> **Task objective**
From the first line of the data down to and including the line with "from ezdxf.enums import", copy everything exactly, leaving out pictures.

** Opening Data under study block **

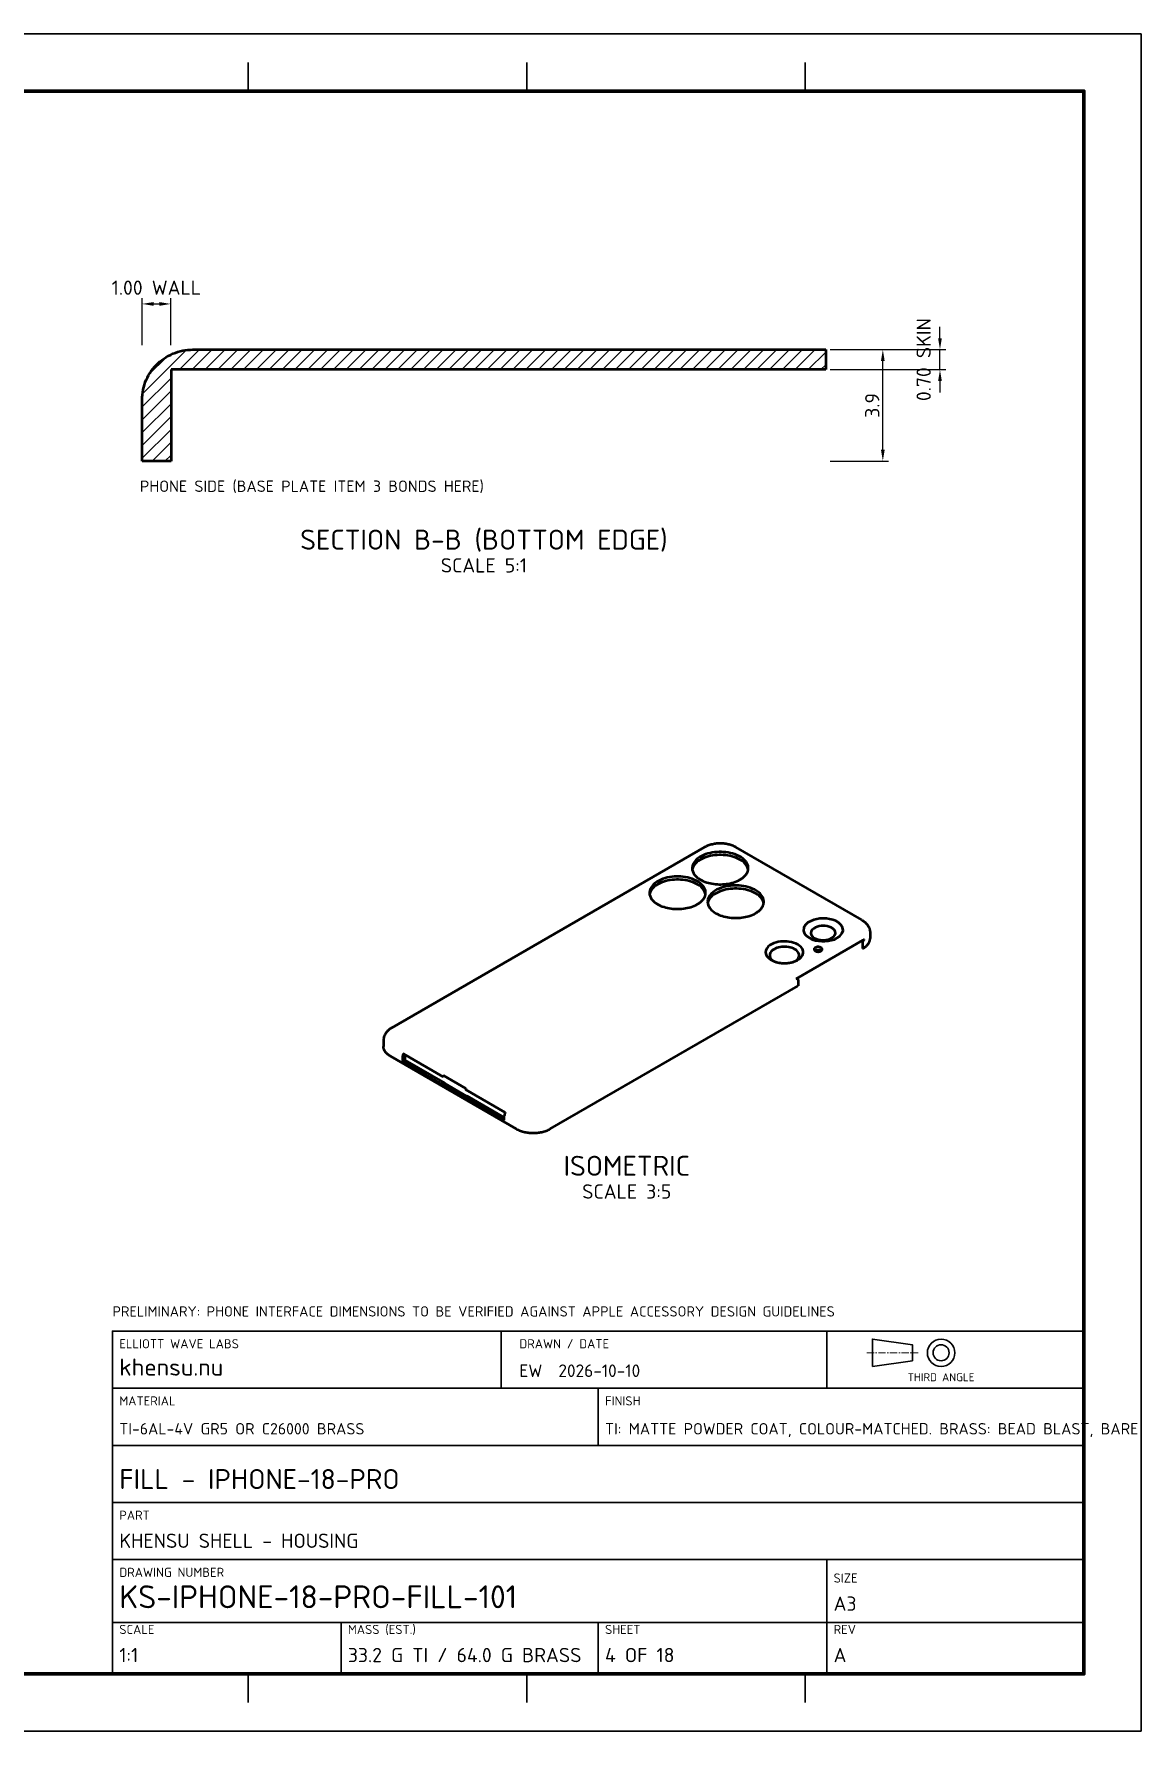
# Model space of a CAD drawing. Header units: millimetres. Extents: x 0 to 420, y 0 to 297.
# Drawn here: x 226.3 to 420, y 0 to 297 of the extents above; entities that cross this region are included whole.
import ezdxf
from ezdxf.enums import TextEntityAlignment as Align

# ---------------------------------------------------------------- set-up
doc = ezdxf.new("R2010")
doc.units = ezdxf.units.MM
doc.header["$LTSCALE"] = 0.4
doc.linetypes.add('CENTER', pattern=[5.08, 3.175, -0.635, 0.635, -0.635])
for name, color, linetype, lineweight in [('BORDER', 7, 'CONTINUOUS', 70), ('CENTER', 1, 'CENTER', 18), ('DIM', 4, 'CONTINUOUS', 18), ('HATCH', 8, 'CONTINUOUS', 13), ('OUTLINE', 7, 'CONTINUOUS', 50), ('SECTION', 7, 'CONTINUOUS', 50), ('TEXT', 7, 'CONTINUOUS', 25), ('TITLE', 7, 'CONTINUOUS', 35)]:
    doc.layers.add(name, color=color, linetype=linetype, lineweight=lineweight)
doc.styles.add('KHENSU', font='isocpeur.ttf')
doc.dimstyles.new('KHENSU', dxfattribs={"dimtxt": 2.5, "dimasz": 2, "dimexe": 1, "dimexo": 0.8, "dimgap": 0.6, "dimtad": 1, "dimdsep": 46, "dimtxsty": 'KHENSU', "dimcen": -1.5, "dimclrd": 4, "dimclre": 4, "dimclrt": 7, "dimazin": 3, "dimtfac": 1, "dimtmove": 2, "dimatfit": 3})

msp = doc.modelspace()

# ---------------------------------------------------------------- hatches: boundary and pattern name
at = {"layer": 'HATCH'}
h = msp.add_hatch(dxfattribs=at)
h.set_pattern_fill('ANSI31', color=8, scale=0.5)
h.paths.add_polyline_path([(364.811, 241.75), (364.811, 240.913), (364.811, 240.076), (364.811, 239.24), (364.811, 238.403), (364.128, 238.25), (363.291, 238.25), (362.454, 238.25), (361.617, 238.25), (360.781, 238.25), (359.944, 238.25), (359.107, 238.25), (358.27, 238.25), (357.434, 238.25), (356.597, 238.25), (355.76, 238.25), (354.923, 238.25), (354.087, 238.25), (353.25, 238.25), (352.413, 238.25), (351.576, 238.25), (350.739, 238.25), (349.903, 238.25), (349.066, 238.25), (348.229, 238.25), (347.392, 238.25), (346.556, 238.25), (345.719, 238.25), (344.882, 238.25), (344.045, 238.25), (343.209, 238.25), (342.372, 238.25), (341.535, 238.25), (340.698, 238.25), (339.862, 238.25), (339.025, 238.25), (338.188, 238.25), (337.351, 238.25), (336.515, 238.25), (335.678, 238.25), (334.841, 238.25), (334.004, 238.25), (333.168, 238.25), (332.331, 238.25), (331.494, 238.25), (330.657, 238.25), (329.821, 238.25), (328.984, 238.25), (328.147, 238.25), (327.31, 238.25), (326.474, 238.25), (325.637, 238.25), (324.8, 238.25), (323.963, 238.25), (323.127, 238.25), (322.29, 238.25), (321.453, 238.25), (320.616, 238.25), (319.779, 238.25), (318.943, 238.25), (318.106, 238.25), (317.269, 238.25), (316.432, 238.25), (315.596, 238.25), (314.759, 238.25), (313.922, 238.25), (313.085, 238.25), (312.249, 238.25), (311.412, 238.25), (310.575, 238.25), (309.738, 238.25), (308.902, 238.25), (308.065, 238.25), (307.228, 238.25), (306.391, 238.25), (305.555, 238.25), (304.718, 238.25), (303.881, 238.25), (303.044, 238.25), (302.208, 238.25), (301.371, 238.25), (300.534, 238.25), (299.697, 238.25), (298.861, 238.25), (298.024, 238.25), (297.187, 238.25), (296.35, 238.25), (295.514, 238.25), (294.677, 238.25), (293.84, 238.25), (293.003, 238.25), (292.167, 238.25), (291.33, 238.25), (290.493, 238.25), (289.656, 238.25), (288.82, 238.25), (287.983, 238.25), (287.146, 238.25), (286.309, 238.25), (285.472, 238.25), (284.636, 238.25), (283.799, 238.25), (282.962, 238.25), (282.125, 238.25), (281.289, 238.25), (280.452, 238.25), (279.615, 238.25), (278.778, 238.25), (277.942, 238.25), (277.105, 238.25), (276.268, 238.25), (275.431, 238.25), (274.595, 238.25), (273.758, 238.25), (272.921, 238.25), (272.084, 238.25), (271.248, 238.25), (270.411, 238.25), (269.574, 238.25), (268.737, 238.25), (267.901, 238.25), (267.064, 238.25), (266.227, 238.25), (265.39, 238.25), (264.554, 238.25), (263.717, 238.25), (262.88, 238.25), (262.043, 238.25), (261.207, 238.25), (260.37, 238.25), (259.533, 238.25), (258.696, 238.25), (257.86, 238.25), (257.023, 238.25), (256.186, 238.25), (255.349, 238.25), (254.512, 238.25), (253.676, 238.25), (252.839, 238.25), (252.002, 238.25), (251.165, 238.25), (250.329, 238.25), (250.252, 237.49), (250.252, 236.653), (250.252, 235.816), (250.252, 234.979), (250.252, 234.143), (250.252, 233.306), (250.252, 232.469), (250.252, 231.632), (250.252, 230.796), (250.252, 229.959), (250.252, 229.122), (250.252, 228.285), (250.252, 227.449), (250.252, 226.612), (250.252, 225.775), (250.252, 224.938), (250.252, 224.101), (250.252, 223.265), (250.252, 222.428), (249.594, 222.25), (248.757, 222.25), (247.92, 222.25), (247.083, 222.25), (246.247, 222.25), (245.41, 222.25), (245.189, 222.866), (245.189, 223.702), (245.189, 224.539), (245.189, 225.376), (245.189, 226.213), (245.189, 227.049), (245.189, 227.886), (245.189, 228.723), (245.189, 229.56), (245.189, 230.396), (245.189, 231.233), (245.189, 232.07), (245.189, 232.907), (245.223, 233.742), (245.337, 234.571), (245.53, 235.385), (245.8, 236.176), (246.145, 236.938), (246.562, 237.664), (247.046, 238.346), (247.592, 238.979), (248.196, 239.558), (248.853, 240.076), (249.555, 240.531), (250.297, 240.917), (251.071, 241.233), (251.872, 241.475), (252.692, 241.642), (253.523, 241.732), (254.36, 241.75), (255.196, 241.75), (256.033, 241.75), (256.87, 241.75), (257.707, 241.75), (258.543, 241.75), (259.38, 241.75), (260.217, 241.75), (261.054, 241.75), (261.89, 241.75), (262.727, 241.75), (263.564, 241.75), (264.401, 241.75), (265.237, 241.75), (266.074, 241.75), (266.911, 241.75), (267.748, 241.75), (268.584, 241.75), (269.421, 241.75), (270.258, 241.75), (271.095, 241.75), (271.931, 241.75), (272.768, 241.75), (273.605, 241.75), (274.442, 241.75), (275.278, 241.75), (276.115, 241.75), (276.952, 241.75), (277.789, 241.75), (278.625, 241.75), (279.462, 241.75), (280.299, 241.75), (281.136, 241.75), (281.972, 241.75), (282.809, 241.75), (283.646, 241.75), (284.483, 241.75), (285.32, 241.75), (286.156, 241.75), (286.993, 241.75), (287.83, 241.75), (288.667, 241.75), (289.503, 241.75), (290.34, 241.75), (291.177, 241.75), (292.014, 241.75), (292.85, 241.75), (293.687, 241.75), (294.524, 241.75), (295.361, 241.75), (296.197, 241.75), (297.034, 241.75), (297.871, 241.75), (298.708, 241.75), (299.544, 241.75), (300.381, 241.75), (301.218, 241.75), (302.055, 241.75), (302.891, 241.75), (303.728, 241.75), (304.565, 241.75), (305.402, 241.75), (306.238, 241.75), (307.075, 241.75), (307.912, 241.75), (308.749, 241.75), (309.585, 241.75), (310.422, 241.75), (311.259, 241.75), (312.096, 241.75), (312.932, 241.75), (313.769, 241.75), (314.606, 241.75), (315.443, 241.75), (316.279, 241.75), (317.116, 241.75), (317.953, 241.75), (318.79, 241.75), (319.627, 241.75), (320.463, 241.75), (321.3, 241.75), (322.137, 241.75), (322.974, 241.75), (323.81, 241.75), (324.647, 241.75), (325.484, 241.75), (326.321, 241.75), (327.157, 241.75), (327.994, 241.75), (328.831, 241.75), (329.668, 241.75), (330.504, 241.75), (331.341, 241.75), (332.178, 241.75), (333.015, 241.75), (333.851, 241.75), (334.688, 241.75), (335.525, 241.75), (336.362, 241.75), (337.198, 241.75), (338.035, 241.75), (338.872, 241.75), (339.709, 241.75), (340.545, 241.75), (341.382, 241.75), (342.219, 241.75), (343.056, 241.75), (343.892, 241.75), (344.729, 241.75), (345.566, 241.75), (346.403, 241.75), (347.239, 241.75), (348.076, 241.75), (348.913, 241.75), (349.75, 241.75), (350.587, 241.75), (351.423, 241.75), (352.26, 241.75), (353.097, 241.75), (353.934, 241.75), (354.77, 241.75), (355.607, 241.75), (356.444, 241.75), (357.281, 241.75), (358.117, 241.75), (358.954, 241.75), (359.791, 241.75), (360.628, 241.75), (361.464, 241.75), (362.301, 241.75), (363.138, 241.75), (363.975, 241.75), (364.811, 241.75)])

# ---------------------------------------------------------------- linework, layer by layer
at = {"layer": 'BORDER'}
msp.add_lwpolyline([(20, 10), (410, 10), (410, 287), (20, 287)], close=True, dxfattribs=at)
at = {"layer": 'CENTER'}
msp.add_line((372, 66.2), (381, 66.2), dxfattribs=at)
at = {"layer": 'OUTLINE'}
for p, q in [((343.604, 154.655), (288.874, 123.057)), ((371.126, 141.942), (349.107, 154.655)), ((372.575, 139.746), (372.575, 138.695)), ((359.64, 131.656), (371.291, 138.383)), ((371.263, 137.984), (371.263, 136.933)), ((371.263, 136.933), (371.345, 136.98)), ((359.971, 131.465), (359.971, 130.414)), ((316.614, 105.382), (359.971, 130.414)), ((287.425, 120.86), (287.425, 119.809)), ((288.655, 118.095), (310.675, 105.382)), ((290.756, 117.933), (290.756, 117.176)), ((291.18, 117.421), (290.756, 117.176)), ((290.756, 117.176), (297.714, 113.159)), ((290.905, 118.536), (297.863, 114.519)), ((291.18, 118.378), (291.18, 117.421)), ((291.18, 117.421), (298.138, 113.404)), ((298.138, 113.404), (297.714, 113.159)), ((297.714, 113.085), (298.138, 113.33)), ((297.714, 113.085), (297.714, 113.159)), ((301.617, 110.832), (297.714, 113.085)), ((298.066, 114.636), (297.863, 114.519)), ((297.96, 114.698), (301.863, 112.444)), ((298.138, 113.33), (298.138, 113.404)), ((301.977, 111.114), (298.138, 113.33)), ((301.617, 110.905), (302.041, 111.15)), ((301.617, 110.905), (308.575, 106.888)), ((301.617, 110.905), (301.617, 110.832)), ((301.766, 112.265), (308.724, 108.248)), ((302.041, 111.15), (308.575, 107.378)), ((308.575, 106.888), (308.575, 107.645))]:
    msp.add_line(p, q, dxfattribs=at)
for points in [[(349.107, 154.655), (348.945, 154.744), (348.779, 154.826), (348.61, 154.9), (348.439, 154.968), (348.264, 155.03), (348.088, 155.086), (347.91, 155.135), (347.73, 155.178), (347.55, 155.216), (347.368, 155.248), (347.185, 155.275), (347.001, 155.296), (346.817, 155.312), (346.632, 155.323), (346.448, 155.328), (346.263, 155.328), (346.078, 155.323), (345.894, 155.312), (345.71, 155.296), (345.526, 155.275), (345.343, 155.248), (345.161, 155.216), (344.98, 155.178), (344.801, 155.135), (344.623, 155.086), (344.446, 155.03), (344.272, 154.968), (344.1, 154.9), (343.931, 154.826), (343.766, 154.744), (343.604, 154.655)], [(351.275, 151.016), (351.227, 151.412), (351.09, 151.788), (350.882, 152.129), (350.621, 152.432), (350.321, 152.697), (349.994, 152.928), (349.647, 153.127), (349.285, 153.298), (348.912, 153.443), (348.531, 153.564), (348.143, 153.662), (347.75, 153.74), (347.354, 153.797), (346.955, 153.835), (346.556, 153.854), (346.155, 153.854), (345.755, 153.835), (345.357, 153.797), (344.961, 153.74), (344.568, 153.662), (344.18, 153.564), (343.799, 153.443), (343.425, 153.298), (343.064, 153.127), (342.717, 152.928), (342.39, 152.697), (342.09, 152.432), (341.829, 152.129), (341.62, 151.788), (341.484, 151.412), (341.435, 151.016)], [(351.253, 150.746), (351.15, 151.114), (350.975, 151.454), (350.745, 151.76), (350.474, 152.03), (350.174, 152.268), (349.853, 152.475), (349.515, 152.655), (349.164, 152.809), (348.805, 152.94), (348.438, 153.05), (348.066, 153.14), (347.69, 153.211), (347.31, 153.263), (346.929, 153.298), (346.547, 153.315), (346.164, 153.315), (345.782, 153.298), (345.4, 153.263), (345.021, 153.211), (344.645, 153.14), (344.273, 153.05), (343.906, 152.94), (343.546, 152.809), (343.196, 152.655), (342.858, 152.475), (342.536, 152.268), (342.236, 152.03), (341.966, 151.76), (341.736, 151.454), (341.561, 151.114), (341.458, 150.746)], [(343.808, 146.705), (343.76, 147.101), (343.623, 147.476), (343.415, 147.818), (343.154, 148.12), (342.854, 148.386), (342.527, 148.616), (342.18, 148.816), (341.818, 148.987), (341.445, 149.132), (341.064, 149.253), (340.676, 149.351), (340.283, 149.429), (339.887, 149.486), (339.488, 149.524), (339.088, 149.543), (338.688, 149.543), (338.288, 149.524), (337.89, 149.486), (337.494, 149.429), (337.101, 149.351), (336.713, 149.253), (336.332, 149.132), (335.958, 148.987), (335.597, 148.816), (335.249, 148.616), (334.923, 148.386), (334.623, 148.12), (334.362, 147.818), (334.153, 147.476), (334.016, 147.101), (333.968, 146.705)], [(343.786, 146.435), (343.683, 146.803), (343.508, 147.143), (343.278, 147.449), (343.007, 147.719), (342.707, 147.957), (342.385, 148.164), (342.047, 148.343), (341.697, 148.498), (341.338, 148.629), (340.971, 148.739), (340.599, 148.829), (340.223, 148.9), (339.843, 148.952), (339.462, 148.987), (339.08, 149.004), (338.697, 149.004), (338.314, 148.987), (337.933, 148.952), (337.554, 148.9), (337.178, 148.829), (336.806, 148.739), (336.439, 148.629), (336.079, 148.498), (335.729, 148.343), (335.391, 148.164), (335.069, 147.957), (334.769, 147.719), (334.499, 147.449), (334.269, 147.143), (334.094, 146.803), (333.991, 146.435)], [(341.435, 151.016), (341.466, 150.701), (341.554, 150.397), (341.691, 150.112), (341.869, 149.85), (342.078, 149.612), (342.311, 149.398), (342.563, 149.206), (342.83, 149.035), (343.107, 148.882), (343.394, 148.747), (343.688, 148.629), (343.987, 148.526), (344.291, 148.437), (344.599, 148.362), (344.91, 148.301), (345.223, 148.251), (345.537, 148.215), (345.853, 148.19), (346.17, 148.177), (346.487, 148.176), (346.803, 148.187), (347.119, 148.21), (347.434, 148.244), (347.747, 148.291), (348.059, 148.351), (348.367, 148.423), (348.672, 148.51), (348.972, 148.61), (349.267, 148.726), (349.555, 148.858), (349.834, 149.007)], [(349.834, 149.007), (349.906, 149.05), (349.977, 149.093), (350.048, 149.138), (350.117, 149.185), (350.185, 149.233), (350.253, 149.282), (350.319, 149.333), (350.384, 149.385), (350.448, 149.439), (350.51, 149.495), (350.571, 149.552), (350.631, 149.61), (350.689, 149.671), (350.745, 149.733), (350.799, 149.796), (350.851, 149.861), (350.901, 149.928), (350.948, 149.997), (350.993, 150.068), (351.035, 150.14), (351.075, 150.213), (351.111, 150.288), (351.144, 150.365), (351.174, 150.443), (351.201, 150.522), (351.223, 150.603), (351.242, 150.684), (351.256, 150.766), (351.267, 150.849), (351.273, 150.932), (351.275, 151.016)], [(333.968, 146.705), (333.999, 146.39), (334.087, 146.086), (334.224, 145.801), (334.402, 145.539), (334.611, 145.301), (334.844, 145.087), (335.096, 144.895), (335.362, 144.724), (335.64, 144.571), (335.927, 144.436), (336.221, 144.318), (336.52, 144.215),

** Closing Data under study block **

> **Solution**
# Model space of a CAD drawing. Header units: millimetres. Extents: x 0 to 420, y 0 to 297.
# Drawn here: x 226.3 to 420, y 0 to 297 of the extents above; entities that cross this region are included whole.
import ezdxf
from ezdxf.enums import TextEntityAlignment as Align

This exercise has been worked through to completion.